Heading home Friday evening, I stopped by Aki’s desk and took these quick photos. At first glance, these might not look all that exciting:
…but look closer… closer… see the little bits of paper taped on the machines??
This is actually really really big! This is the beginning of a pool of mobile devices slaves to automatically run unittest and talos on mobile builds.
Aki’s been using these two machines to figure out linux mobile hardware setup problems around the hardware setup, toolchain setup, memory limitations as well as how to get a buildbot slave running on the device, communicating to a buildbot master.
Since end of Sept, we’ve been producing linux-arm builds of fennec automatically on checkin and every night. However, humans were still needed to manually download specific builds onto the physical devices when they had time, and manually run some tests. There’s still no automated unittests, talos, graphserver for mobile.
The build automation was done by updating all the linux slaves in our existing pool of slaves, and then doing cross-compile builds. That allowed us to re-use a bunch of existing infrastruture. However, we need to use actual devices for testing and performance… which opens a whole set of problems we have to figure out for the first time. For example:
- if the device hangs during a test, how do you powercycle it? (Most people first suggest removing battery and running on remote switchable a/c; however, these devices refuse to boot unless a battery is present, and it looks like they need a physical button pushed on after a power reset, so we’re still looking for a solution – all suggestions welcome!)
- How do these devices communicate to other machines; how do we get builds onto, and test data off from, these devices? The buildbot master needs to tell slaves when and what to do. The slaves need to post results to buildbot master as well as ftp.m.o and graphserver. Something (nagios?) needs to monitor to see if devices are ok. If we use wifi, does that cause noisy deviations in our test results? If we use ethernet, what s/w drivers and cable converters do we need?
- If we setup devices in office, for easier manual reboots, what ssh/firewall changes do we need to get access to other build systems in secured area in colo?
- What toolchain do we need to install on these devices? Both of these devices were “polluted” when we got them, meaning no-one was exactly sure whats on them, and we’re fairly sure they’re different from each other. We’ve got some more machines on order, so will have to figure out clean-setup-instructions as part of this setup.
- Is there enough memory in the device to run o.s. + buildbot + talos + talos-tools + fennec? Can far can we increase memory? Do we have to rewrite buildbot/talos to fit into low memory situations?
- We can’t build on these devices, but unittests currently requires building first before testing.
- What can we do about turnaround time?

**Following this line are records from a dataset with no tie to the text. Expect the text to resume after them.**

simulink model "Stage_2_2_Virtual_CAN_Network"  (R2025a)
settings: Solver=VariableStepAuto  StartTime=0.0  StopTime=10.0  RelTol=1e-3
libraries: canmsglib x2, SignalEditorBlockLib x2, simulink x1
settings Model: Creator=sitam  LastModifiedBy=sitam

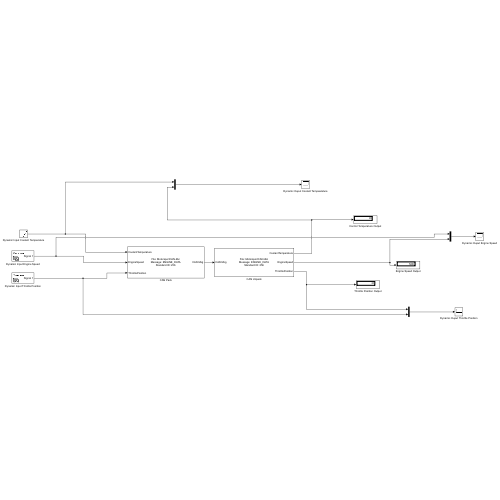
[thumbnail: Simulink's stored preview of the top-level diagram]
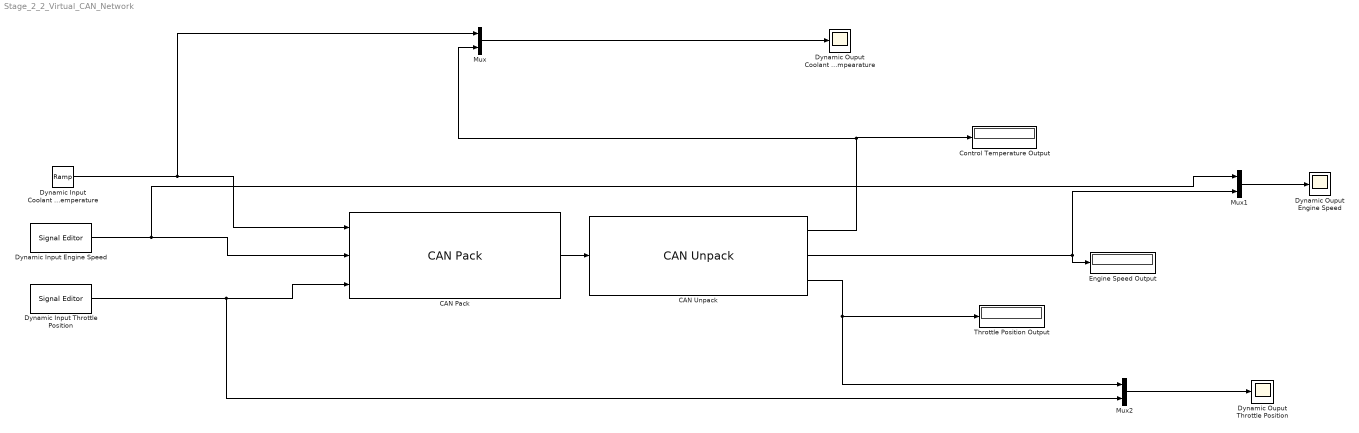
== system Stage_2_2_Virtual_CAN_Network ==
  CAN Pack : canmsglib/CAN Pack  CANdbFile=C:\Users\sitam\OneDrive\Projects\CAN Bus Project\MotorsportCAN.dbc  MsgList=ENGINE_DATA  MsgName=ENGINE_DATA  MsgIDType=Standard (11-bit identifier)  MsgIdentifier=256  CANIDInput=off  MsgLength=8  Remote=off  ApplyMinMax=off  BusOutput=off  SignalInfo={'CoolantTemperature','24','8','LE','unsigned','Standard','0','1','-40','-40','150';'EngineSpeed','0','16','LE','unsigned','Standard','0','0.25','0','0','15000';'ThrottlePosition','16','8','LE','unsigned','Standard','0','0.4','0','0','100'}
      settings: LibrarySourceBlock=canlib/CAN Pack  DataFormat=CANdb specified signals
  CAN Unpack : canmsglib/CAN Unpack  CANdbFile=C:\Users\sitam\OneDrive\Projects\CAN Bus Project\MotorsportCAN.dbc  MsgList=ENGINE_DATA  MsgName=ENGINE_DATA  MsgIDType=Standard (11-bit identifier)  MsgIdentifier=256  MsgLength=8  SignalInfo={'CoolantTemperature','24','8','LE','unsigned','Standard','0','1','-40','-40','150';'EngineSpeed','0','16','LE','unsigned','Standard','0','0.25','0','0','15000';'ThrottlePosition','16','8','LE','unsigned','Standard','0','0.4','0','0','100'}  IDPort=off  TimestampPort=off  ErrorPort=off  RemotePort=off  LengthPort=off  StatusPort=off  ApplyMinMax=off
      settings: LibrarySourceBlock=canlib/CAN Unpack  DataFormat=CANdb specified signals
  Control Temperature Output : Display
  Dynamic Input Coolant Temperature : simulink/Sources/Ramp  slope=1  start=0  InitialOutput=85
  Dynamic Input Engine Speed : SignalEditorBlockLib/Signal Editor  FileName=2_2-enginespeed.mat  ActiveScenario=Scenario  ActiveSignal=Signal 1  IsBus=off  OutputBusObjectStr=Bus: BusObject  SampleTime=0  ZeroCross=off  OutputAfterFinalValue=Setting to zero  Unit=inherit  PreserveSignalName=on  ApplySigPropsToAllScenarios=on  ApplySigPropsToAllSignals=off  SignalPropertySource=Dialog parameters
  Dynamic Input Throttle Position : SignalEditorBlockLib/Signal Editor  FileName=2_2-throttlepos.mat  ActiveScenario=Scenario  ActiveSignal=Signal 1  IsBus=off  OutputBusObjectStr=Bus: BusObject  SampleTime=0  ZeroCross=off  OutputAfterFinalValue=Setting to zero  Unit=inherit  PreserveSignalName=on  ApplySigPropsToAllScenarios=on  ApplySigPropsToAllSignals=off  SignalPropertySource=Dialog parameters
  Dynamic Ouput Coolant Tempearature : Scope
      settings: ActiveDisplayYMinimum=83.75  ActiveDisplayYMaximum=96.25
  Dynamic Ouput Engine Speed : Scope
      settings: ActiveDisplayYMinimum=1875.0000000000002  ActiveDisplayYMaximum=13125  DataLoggingVariableName=ScopeData2
  Dynamic Ouput Throttle Position : Scope
      settings: ActiveDisplayYMinimum=10.000000000000004  ActiveDisplayYMaximum=110
  Engine Speed Output : Display
  Mux : Mux  Inputs=2
  Mux1 : Mux  Inputs=2
  Mux2 : Mux  Inputs=2
  Throttle Position Output : Display
  wires:
  CAN Pack/1 -> CAN Unpack/1
  CAN Unpack/2 -> Engine Speed Output/1, Mux1/2
  CAN Unpack/1 -> Mux/2, Control Temperature Output/1
  CAN Unpack/3 -> Mux2/1, Throttle Position Output/1
  Dynamic Input Coolant Temperature/1 -> Mux/1, CAN Pack/1
  Dynamic Input Engine Speed/1 -> Mux1/1, CAN Pack/2
  Dynamic Input Throttle Position/1 -> Mux2/2, CAN Pack/3
  Mux/1 -> Dynamic Ouput Coolant Tempearature/1
  Mux1/1 -> Dynamic Ouput Engine Speed/1
  Mux2/1 -> Dynamic Ouput Throttle Position/1
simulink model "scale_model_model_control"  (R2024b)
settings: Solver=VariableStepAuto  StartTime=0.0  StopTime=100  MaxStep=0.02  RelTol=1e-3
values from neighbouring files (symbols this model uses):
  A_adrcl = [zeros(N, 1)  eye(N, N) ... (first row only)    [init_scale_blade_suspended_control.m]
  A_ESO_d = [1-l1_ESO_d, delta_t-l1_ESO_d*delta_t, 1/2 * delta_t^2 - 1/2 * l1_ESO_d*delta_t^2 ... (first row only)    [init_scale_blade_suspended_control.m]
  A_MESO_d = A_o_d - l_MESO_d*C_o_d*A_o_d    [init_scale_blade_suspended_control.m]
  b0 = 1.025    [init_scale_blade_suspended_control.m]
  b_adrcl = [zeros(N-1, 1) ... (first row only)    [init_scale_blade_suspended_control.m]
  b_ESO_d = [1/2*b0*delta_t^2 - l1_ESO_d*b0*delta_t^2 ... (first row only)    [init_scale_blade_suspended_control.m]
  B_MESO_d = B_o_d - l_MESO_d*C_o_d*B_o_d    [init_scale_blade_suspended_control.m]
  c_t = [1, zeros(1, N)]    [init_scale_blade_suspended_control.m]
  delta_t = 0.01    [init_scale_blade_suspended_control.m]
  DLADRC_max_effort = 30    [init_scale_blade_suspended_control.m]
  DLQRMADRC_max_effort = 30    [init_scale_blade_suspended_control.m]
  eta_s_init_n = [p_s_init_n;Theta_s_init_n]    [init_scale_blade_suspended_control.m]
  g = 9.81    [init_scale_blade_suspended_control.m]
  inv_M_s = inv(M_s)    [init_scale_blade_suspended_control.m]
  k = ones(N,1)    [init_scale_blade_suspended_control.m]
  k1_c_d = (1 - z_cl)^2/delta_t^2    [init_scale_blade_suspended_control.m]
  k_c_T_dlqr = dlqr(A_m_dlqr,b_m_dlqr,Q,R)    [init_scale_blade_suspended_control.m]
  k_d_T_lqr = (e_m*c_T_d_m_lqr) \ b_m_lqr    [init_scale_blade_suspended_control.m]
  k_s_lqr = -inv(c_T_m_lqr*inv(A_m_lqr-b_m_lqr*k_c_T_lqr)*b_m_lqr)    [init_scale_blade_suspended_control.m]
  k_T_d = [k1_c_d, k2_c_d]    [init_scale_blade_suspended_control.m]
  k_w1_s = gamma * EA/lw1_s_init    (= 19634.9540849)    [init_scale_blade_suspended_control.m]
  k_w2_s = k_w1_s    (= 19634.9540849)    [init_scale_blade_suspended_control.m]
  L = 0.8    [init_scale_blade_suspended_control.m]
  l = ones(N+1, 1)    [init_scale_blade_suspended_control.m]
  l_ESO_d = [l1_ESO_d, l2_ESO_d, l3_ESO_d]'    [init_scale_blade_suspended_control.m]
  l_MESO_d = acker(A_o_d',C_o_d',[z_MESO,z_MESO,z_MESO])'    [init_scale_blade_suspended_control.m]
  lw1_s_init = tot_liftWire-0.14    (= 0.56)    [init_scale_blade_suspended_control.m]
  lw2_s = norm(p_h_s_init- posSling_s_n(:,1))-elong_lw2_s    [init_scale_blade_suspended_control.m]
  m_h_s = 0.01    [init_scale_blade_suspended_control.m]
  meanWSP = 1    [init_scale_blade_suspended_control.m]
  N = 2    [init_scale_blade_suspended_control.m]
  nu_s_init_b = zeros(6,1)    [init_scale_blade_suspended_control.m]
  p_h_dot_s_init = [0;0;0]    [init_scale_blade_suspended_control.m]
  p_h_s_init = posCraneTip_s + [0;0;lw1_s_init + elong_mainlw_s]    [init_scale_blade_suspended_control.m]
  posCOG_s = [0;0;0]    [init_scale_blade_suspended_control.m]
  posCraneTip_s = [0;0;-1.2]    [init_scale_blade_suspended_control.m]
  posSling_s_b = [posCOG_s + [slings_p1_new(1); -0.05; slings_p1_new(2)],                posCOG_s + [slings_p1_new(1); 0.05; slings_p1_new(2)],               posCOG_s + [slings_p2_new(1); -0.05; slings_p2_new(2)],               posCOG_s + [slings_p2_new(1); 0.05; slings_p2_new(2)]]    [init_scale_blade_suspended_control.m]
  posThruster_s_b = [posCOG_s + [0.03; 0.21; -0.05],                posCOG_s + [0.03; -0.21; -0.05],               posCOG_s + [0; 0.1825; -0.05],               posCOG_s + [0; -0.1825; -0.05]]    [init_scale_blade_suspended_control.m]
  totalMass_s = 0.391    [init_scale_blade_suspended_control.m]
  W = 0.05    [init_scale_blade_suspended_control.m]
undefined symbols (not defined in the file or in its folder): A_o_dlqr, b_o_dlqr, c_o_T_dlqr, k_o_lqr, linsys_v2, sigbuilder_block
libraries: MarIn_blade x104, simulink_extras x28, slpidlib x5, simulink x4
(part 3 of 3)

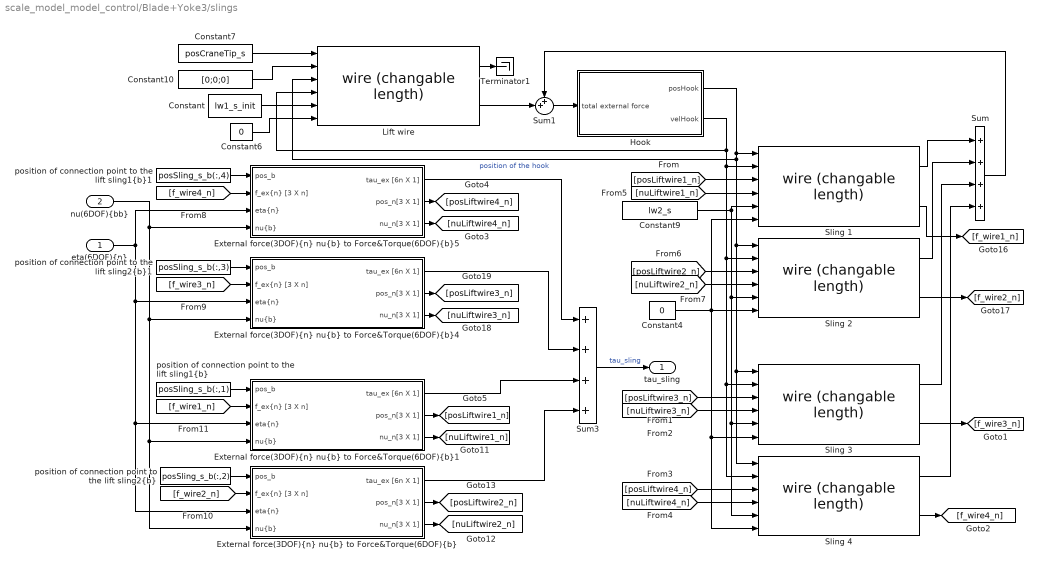
== system scale_model_model_control/Blade+Yoke3/slings ==
  "eta(6DOF){n}" : Inport
  "nu(6DOF){bb}" : Inport  Port=2
  Constant : Constant  Value=lw1_s_init
  Constant10 : Constant  Value=[0;0;0]
  Constant4 : Constant  Value=0
  Constant6 : Constant  Value=0
  Constant7 : Constant  Value=posCraneTip_s
  Constant9 : Constant  Value=lw2_s
  "External force(3DOF){n} nu{b} to Force&Torque(6DOF){b}" : Subsystem  AncestorBlock=MarIn_blade/Basic functions/External force(3DOF){n} nu{b} to Force&Torque(6DOF){b}  mask(External force(3DOF){n} nu{b} to Force&Torque(6DOF){b}){}
      mask help:
      | Translate position and velocity in {b} to {n}.
      |
      |
      | Author: Zhengru Ren
      | Date: April 22, 2017
  "External force(3DOF){n} nu{b} to Force&Torque(6DOF){b}1" : Subsystem  AncestorBlock=MarIn_blade/Basic functions/External force(3DOF){n} nu{b} to Force&Torque(6DOF){b}  mask(External force(3DOF){n} nu{b} to Force&Torque(6DOF){b}){}
      mask help:
      | Translate position and velocity in {b} to {n}.
      |
      |
      | Author: Zhengru Ren
      | Date: April 22, 2017
  "External force(3DOF){n} nu{b} to Force&Torque(6DOF){b}4" : Subsystem  AncestorBlock=MarIn_blade/Basic functions/External force(3DOF){n} nu{b} to Force&Torque(6DOF){b}  mask(External force(3DOF){n} nu{b} to Force&Torque(6DOF){b}){}
      mask help:
      | Translate position and velocity in {b} to {n}.
      |
      |
      | Author: Zhengru Ren
      | Date: April 22, 2017
  "External force(3DOF){n} nu{b} to Force&Torque(6DOF){b}5" : Subsystem  AncestorBlock=MarIn_blade/Basic functions/External force(3DOF){n} nu{b} to Force&Torque(6DOF){b}  mask(External force(3DOF){n} nu{b} to Force&Torque(6DOF){b}){}
      mask help:
      | Translate position and velocity in {b} to {n}.
      |
      |
      | Author: Zhengru Ren
      | Date: April 22, 2017
  Hook : Subsystem  AncestorBlock=|  mask(Hook){m_h=m_h_s, p_h_init=p_h_s_init, p_h_dot_init=p_h_dot_s_init}
      | MarIn_blade/Lifting equipments
      | (winch, wire, hook)/Hook
      mask prompts: m_h "Hook mass (m_h) [kg]"; p_h_init "Initial position of the hook"; p_h_dot_init "Initial velocity of the hook"
      mask help:
      | Used to simulate a hook.
      |
      | Author: Zhengru Ren
      | Date: May 20, 2016
      mask init:
      | invM_h = diag([1/m_h,1/m_h,1/m_h]);
  Lift wire : MarIn_blade/Lifting equipments (winch, wire, hook)/wire (changable length)  k=k_w1_s  c=d_w1_s
      settings: SourceProductName=MarIn (Blade)
  Sling {1..4} (4 alike) : MarIn_blade/Lifting equipments (winch, wire, hook)/wire (changable length)  k=k_w2_s  c=d_w2_s
      settings: SourceProductName=MarIn (Blade)
  Sum : Sum  Inputs=++++
  Sum1 : Sum  Inputs=++|
  Sum3 : Sum  Inputs=4
  Terminator1 : Terminator
  "position of connection point to the lift sling1{b}" : Constant  Value=posSling_s_b(:,1)
  "position of connection point to the lift sling1{b}1" : Constant  Value=posSling_s_b(:,4)
  "position of connection point to the lift sling2{b}" : Constant  Value=posSling_s_b(:,2)
  "position of connection point to the lift sling2{b}1" : Constant  Value=posSling_s_b(:,3)
  tau_sling : Outport
  wires:
  "nu(6DOF){bb}"/1 -> "External force(3DOF){n} nu{b} to Force&Torque(6DOF){b}"/4("nu{b}"), "External force(3DOF){n} nu{b} to Force&Torque(6DOF){b}1"/4("nu{b}"), "External force(3DOF){n} nu{b} to Force&Torque(6DOF){b}4"/4("nu{b}"), "External force(3DOF){n} nu{b} to Force&Torque(6DOF){b}5"/4("nu{b}")
  "position of connection point to the lift sling1{b}1"/1 -> "External force(3DOF){n} nu{b} to Force&Torque(6DOF){b}5"/1(pos_b)
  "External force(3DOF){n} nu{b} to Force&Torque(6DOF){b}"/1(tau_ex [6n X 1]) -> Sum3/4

These devices are *SLOW*… Break testsuites into chunks that can be run in parallel?
And all that is before you get to the the fun stuff… the usually expected problems, like how many tests fail because of different display properties, memory availability, slower CPUs causing test timeouts, environment differences, etc. etc. etc.
While there’s still lots to solve along the way, its exciting to watch Aki making methodical, persistent and rapid progress. Very very cool.